La realtà, temo, è che demagogia e populismo sono ormai saldamente insediati nel Dna della nostra classe politica. Renzi e i suoi, almeno per ora, non sembrano fare eccezione. Perché l’essenza del populismo, il suo ingrediente fondamentale, non è l’appello al popolo (che pure non manca: «ho preso il 40.8% dei voti»), ma è il semplicismo, l’incapacità di riconoscere e accettare la complessità dei problemi di una società moderna, tanto più se in crisi da vent’anni. E’ di qui che nasce il senso di sufficienza verso professionisti ed esperti. E’ qui che trova alimento il sentimento di onnipotenza dei governanti.

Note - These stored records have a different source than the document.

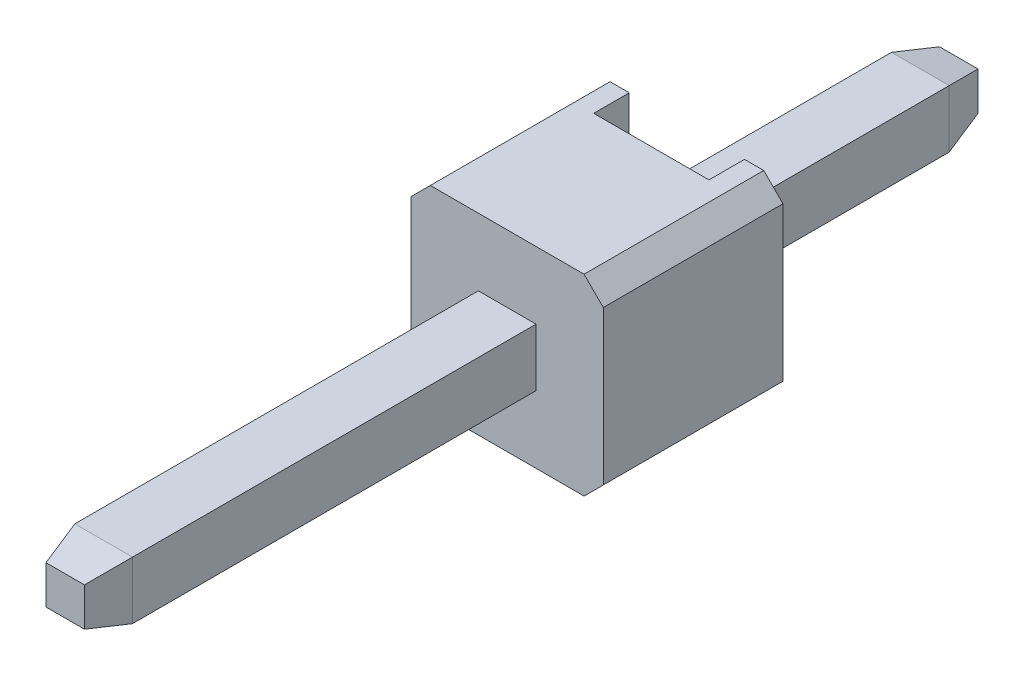
ISO-10303-21;
HEADER;
FILE_DESCRIPTION(('STEP AP214'),'2;1');
FILE_NAME('part.step','',(''),(''),'','','');
FILE_SCHEMA(('AUTOMOTIVE_DESIGN { 1 0 10303 214 1 1 1 1 }'));
ENDSEC;
DATA;
#1=APPLICATION_CONTEXT('core data for automotive mechanical design processes');
#2=APPLICATION_PROTOCOL_DEFINITION('international standard','automotive_design',2000,#1);
#3=PRODUCT_CONTEXT('',#1,'mechanical');
#4=PRODUCT('Part','Part','',(#3));
#5=PRODUCT_RELATED_PRODUCT_CATEGORY('part','',(#4));
#6=PRODUCT_DEFINITION_FORMATION('','',#4);
#7=PRODUCT_DEFINITION_CONTEXT('part definition',#1,'design');
#8=PRODUCT_DEFINITION('design','',#6,#7);
#9=PRODUCT_DEFINITION_SHAPE('','',#8);
#10=(LENGTH_UNIT() NAMED_UNIT(*) SI_UNIT(.MILLI.,.METRE.));
#11=(NAMED_UNIT(*) PLANE_ANGLE_UNIT() SI_UNIT($,.RADIAN.));
#12=(NAMED_UNIT(*) SI_UNIT($,.STERADIAN.) SOLID_ANGLE_UNIT());
#13=UNCERTAINTY_MEASURE_WITH_UNIT(LENGTH_MEASURE(1.E-05),#10,'distance_accuracy_value','');
#14=(GEOMETRIC_REPRESENTATION_CONTEXT(3) GLOBAL_UNCERTAINTY_ASSIGNED_CONTEXT((#13)) GLOBAL_UNIT_ASSIGNED_CONTEXT((#10,
#11,#12)) REPRESENTATION_CONTEXT('',''));
#15=CARTESIAN_POINT('',(0.,0.,0.));
#16=DIRECTION('',(0.,0.,1.));
#17=DIRECTION('',(1.,0.,0.));
#18=AXIS2_PLACEMENT_3D('',#15,#16,#17);
#19=CARTESIAN_POINT('',(0.,-0.2,6.5));
#20=DIRECTION('',(0.,0.970142500145391,-0.242535625036098));
#21=DIRECTION('',(-1.,0.,0.));
#22=AXIS2_PLACEMENT_3D('',#19,#20,#21);
#23=PLANE('',#22);
#24=DIRECTION('',(-0.23570226039596,-0.23570226039596,-0.942809041581841));
#25=VECTOR('',#24,1.);
#26=CARTESIAN_POINT('',(-0.188888888889,-0.188888888889,6.544444444444));
#27=LINE('',#26,#25);
#28=CARTESIAN_POINT('',(-0.2,-0.2,6.5));
#29=VERTEX_POINT('',#28);
#30=CARTESIAN_POINT('',(-0.3,-0.3,6.1));
#31=VERTEX_POINT('',#30);
#32=EDGE_CURVE('E26',#29,#31,#27,.T.);
#33=ORIENTED_EDGE('',*,*,#32,.T.);
#34=DIRECTION('',(-1.,0.,0.));
#35=VECTOR('',#34,1.);
#36=CARTESIAN_POINT('',(-0.3,-0.3,6.1));
#37=LINE('',#36,#35);
#38=CARTESIAN_POINT('',(0.3,-0.3,6.1));
#39=VERTEX_POINT('',#38);
#40=EDGE_CURVE('E395',#39,#31,#37,.T.);
#41=ORIENTED_EDGE('',*,*,#40,.F.);
#42=DIRECTION('',(-0.23570226039596,0.23570226039596,0.942809041581841));
#43=VECTOR('',#42,1.);
#44=CARTESIAN_POINT('',(0.188888888889,-0.188888888889,6.544444444444));
#45=LINE('',#44,#43);
#46=CARTESIAN_POINT('',(0.2,-0.2,6.5));
#47=VERTEX_POINT('',#46);
#48=EDGE_CURVE('E11',#39,#47,#45,.T.);
#49=ORIENTED_EDGE('',*,*,#48,.T.);
#50=DIRECTION('',(1.,0.,0.));
#51=VECTOR('',#50,1.);
#52=CARTESIAN_POINT('',(0.,-0.2,6.5));
#53=LINE('',#52,#51);
#54=EDGE_CURVE('E379',#29,#47,#53,.T.);
#55=ORIENTED_EDGE('',*,*,#54,.F.);
#56=EDGE_LOOP('',(#33,#41,#49,#55));
#57=FACE_BOUND('',#56,.T.);
#58=ADVANCED_FACE('F17',(#57),#23,.F.);
#59=CARTESIAN_POINT('',(0.2,0.,6.5));
#60=DIRECTION('',(-0.970142500145391,0.,-0.242535625036098));
#61=DIRECTION('',(-0.242535625036098,0.,0.970142500145391));
#62=AXIS2_PLACEMENT_3D('',#59,#60,#61);
#63=PLANE('',#62);
#64=DIRECTION('',(-0.23570226039596,-0.23570226039596,0.942809041581841));
#65=VECTOR('',#64,1.);
#66=CARTESIAN_POINT('',(0.188888888889,0.188888888889,6.544444444444));
#67=LINE('',#66,#65);
#68=CARTESIAN_POINT('',(0.3,0.3,6.1));
#69=VERTEX_POINT('',#68);
#70=CARTESIAN_POINT('',(0.2,0.2,6.5));
#71=VERTEX_POINT('',#70);
#72=EDGE_CURVE('E276',#69,#71,#67,.T.);
#73=ORIENTED_EDGE('',*,*,#72,.T.);
#74=DIRECTION('',(0.,1.,0.));
#75=VECTOR('',#74,1.);
#76=CARTESIAN_POINT('',(0.2,0.,6.5));
#77=LINE('',#76,#75);
#78=EDGE_CURVE('E383',#47,#71,#77,.T.);
#79=ORIENTED_EDGE('',*,*,#78,.F.);
#80=ORIENTED_EDGE('',*,*,#48,.F.);
#81=DIRECTION('',(0.,-1.,0.));
#82=VECTOR('',#81,1.);
#83=CARTESIAN_POINT('',(0.3,0.3,6.1));
#84=LINE('',#83,#82);
#85=EDGE_CURVE('E402',#69,#39,#84,.T.);
#86=ORIENTED_EDGE('',*,*,#85,.F.);
#87=EDGE_LOOP('',(#73,#79,#80,#86));
#88=FACE_BOUND('',#87,.T.);
#89=ADVANCED_FACE('F596',(#88),#63,.F.);
#90=CARTESIAN_POINT('',(-0.2,0.,6.5));
#91=DIRECTION('',(0.970142500145391,0.,-0.242535625036098));
#92=DIRECTION('',(0.,-1.,0.));
#93=AXIS2_PLACEMENT_3D('',#90,#91,#92);
#94=PLANE('',#93);
#95=DIRECTION('',(-0.23570226039596,0.23570226039596,-0.942809041581841));
#96=VECTOR('',#95,1.);
#97=CARTESIAN_POINT('',(-0.188888888889,0.188888888889,6.544444444444));
#98=LINE('',#97,#96);
#99=CARTESIAN_POINT('',(-0.2,0.2,6.5));
#100=VERTEX_POINT('',#99);
#101=CARTESIAN_POINT('',(-0.3,0.3,6.1));
#102=VERTEX_POINT('',#101);
#103=EDGE_CURVE('E278',#100,#102,#98,.T.);
#104=ORIENTED_EDGE('',*,*,#103,.T.);
#105=DIRECTION('',(0.,1.,0.));
#106=VECTOR('',#105,1.);
#107=CARTESIAN_POINT('',(-0.3,0.3,6.1));
#108=LINE('',#107,#106);
#109=EDGE_CURVE('E388',#31,#102,#108,.T.);
#110=ORIENTED_EDGE('',*,*,#109,.F.);
#111=ORIENTED_EDGE('',*,*,#32,.F.);
#112=DIRECTION('',(0.,-1.,0.));
#113=VECTOR('',#112,1.);
#114=CARTESIAN_POINT('',(-0.2,0.,6.5));
#115=LINE('',#114,#113);
#116=EDGE_CURVE('E325',#100,#29,#115,.T.);
#117=ORIENTED_EDGE('',*,*,#116,.F.);
#118=EDGE_LOOP('',(#104,#110,#111,#117));
#119=FACE_BOUND('',#118,.T.);
#120=ADVANCED_FACE('F608',(#119),#94,.F.);
#121=CARTESIAN_POINT('',(0.,0.2,6.5));
#122=DIRECTION('',(0.,-0.970142500145391,-0.242535625036098));
#123=DIRECTION('',(0.,0.242535625036098,-0.970142500145391));
#124=AXIS2_PLACEMENT_3D('',#121,#122,#123);
#125=PLANE('',#124);
#126=ORIENTED_EDGE('',*,*,#72,.F.);
#127=DIRECTION('',(1.,0.,0.));
#128=VECTOR('',#127,1.);
#129=CARTESIAN_POINT('',(-0.3,0.3,6.1));
#130=LINE('',#129,#128);
#131=EDGE_CURVE('E331',#102,#69,#130,.T.);
#132=ORIENTED_EDGE('',*,*,#131,.F.);
#133=ORIENTED_EDGE('',*,*,#103,.F.);
#134=DIRECTION('',(-1.,0.,0.));
#135=VECTOR('',#134,1.);
#136=CARTESIAN_POINT('',(0.,0.2,6.5));
#137=LINE('',#136,#135);
#138=EDGE_CURVE('E387',#71,#100,#137,.T.);
#139=ORIENTED_EDGE('',*,*,#138,.F.);
#140=EDGE_LOOP('',(#126,#132,#133,#139));
#141=FACE_BOUND('',#140,.T.);
#142=ADVANCED_FACE('F595',(#141),#125,.F.);
#143=CARTESIAN_POINT('',(-0.3,0.3,-2.4));
#144=DIRECTION('',(0.,0.970142500145391,-0.242535625036098));
#145=DIRECTION('',(-1.,0.,0.));
#146=AXIS2_PLACEMENT_3D('',#143,#144,#145);
#147=PLANE('',#146);
#148=DIRECTION('',(-0.23570226039596,-0.23570226039596,-0.942809041581841));
#149=VECTOR('',#148,1.);
#150=CARTESIAN_POINT('',(0.3,0.3,-2.4));
#151=LINE('',#150,#149);
#152=CARTESIAN_POINT('',(0.3,0.3,-2.4));
#153=VERTEX_POINT('',#152);
#154=CARTESIAN_POINT('',(0.2,0.2,-2.8));
#155=VERTEX_POINT('',#154);
#156=EDGE_CURVE('E273',#153,#155,#151,.T.);
#157=ORIENTED_EDGE('',*,*,#156,.T.);
#158=DIRECTION('',(1.,0.,0.));
#159=VECTOR('',#158,1.);
#160=CARTESIAN_POINT('',(0.3,0.2,-2.8));
#161=LINE('',#160,#159);
#162=CARTESIAN_POINT('',(-0.2,0.2,-2.8));
#163=VERTEX_POINT('',#162);
#164=EDGE_CURVE('E266',#163,#155,#161,.T.);
#165=ORIENTED_EDGE('',*,*,#164,.F.);
#166=DIRECTION('',(-0.23570226039596,0.23570226039596,0.942809041581841));
#167=VECTOR('',#166,1.);
#168=CARTESIAN_POINT('',(-0.3,0.3,-2.4));
#169=LINE('',#168,#167);
#170=CARTESIAN_POINT('',(-0.3,0.3,-2.4));
#171=VERTEX_POINT('',#170);
#172=EDGE_CURVE('E274',#163,#171,#169,.T.);
#173=ORIENTED_EDGE('',*,*,#172,.T.);
#174=DIRECTION('',(-1.,0.,0.));
#175=VECTOR('',#174,1.);
#176=CARTESIAN_POINT('',(-0.3,0.3,-2.4));
#177=LINE('',#176,#175);
#178=EDGE_CURVE('E242',#153,#171,#177,.T.);
#179=ORIENTED_EDGE('',*,*,#178,.F.);
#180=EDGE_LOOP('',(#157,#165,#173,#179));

E’ qui, soprattutto, che il progetto di restaurare il primato della politica ha il suo fondamento logico: se i problemi sono semplici, e si tratta solo di tradurre in legge alcuni nobili principi, la politica può farcela da sola, e i Cottarelli di ogni genere e specie possono tranquillamente (anzi: «serenamente») andare a farsi benedire, tanto un tecnico amico lo si trova sempre.
Per Stella e Rizzo, autori del più fortunato pamphlet politico degli ultimi anni (La casta, Rizzoli 2007), c’è oggi forse qualche nuovo materiale su cui riflettere: la lotta contro la casta, nata per cambiare la politica, sta producendo la più spettacolare e imprevista rivincita della politica stessa.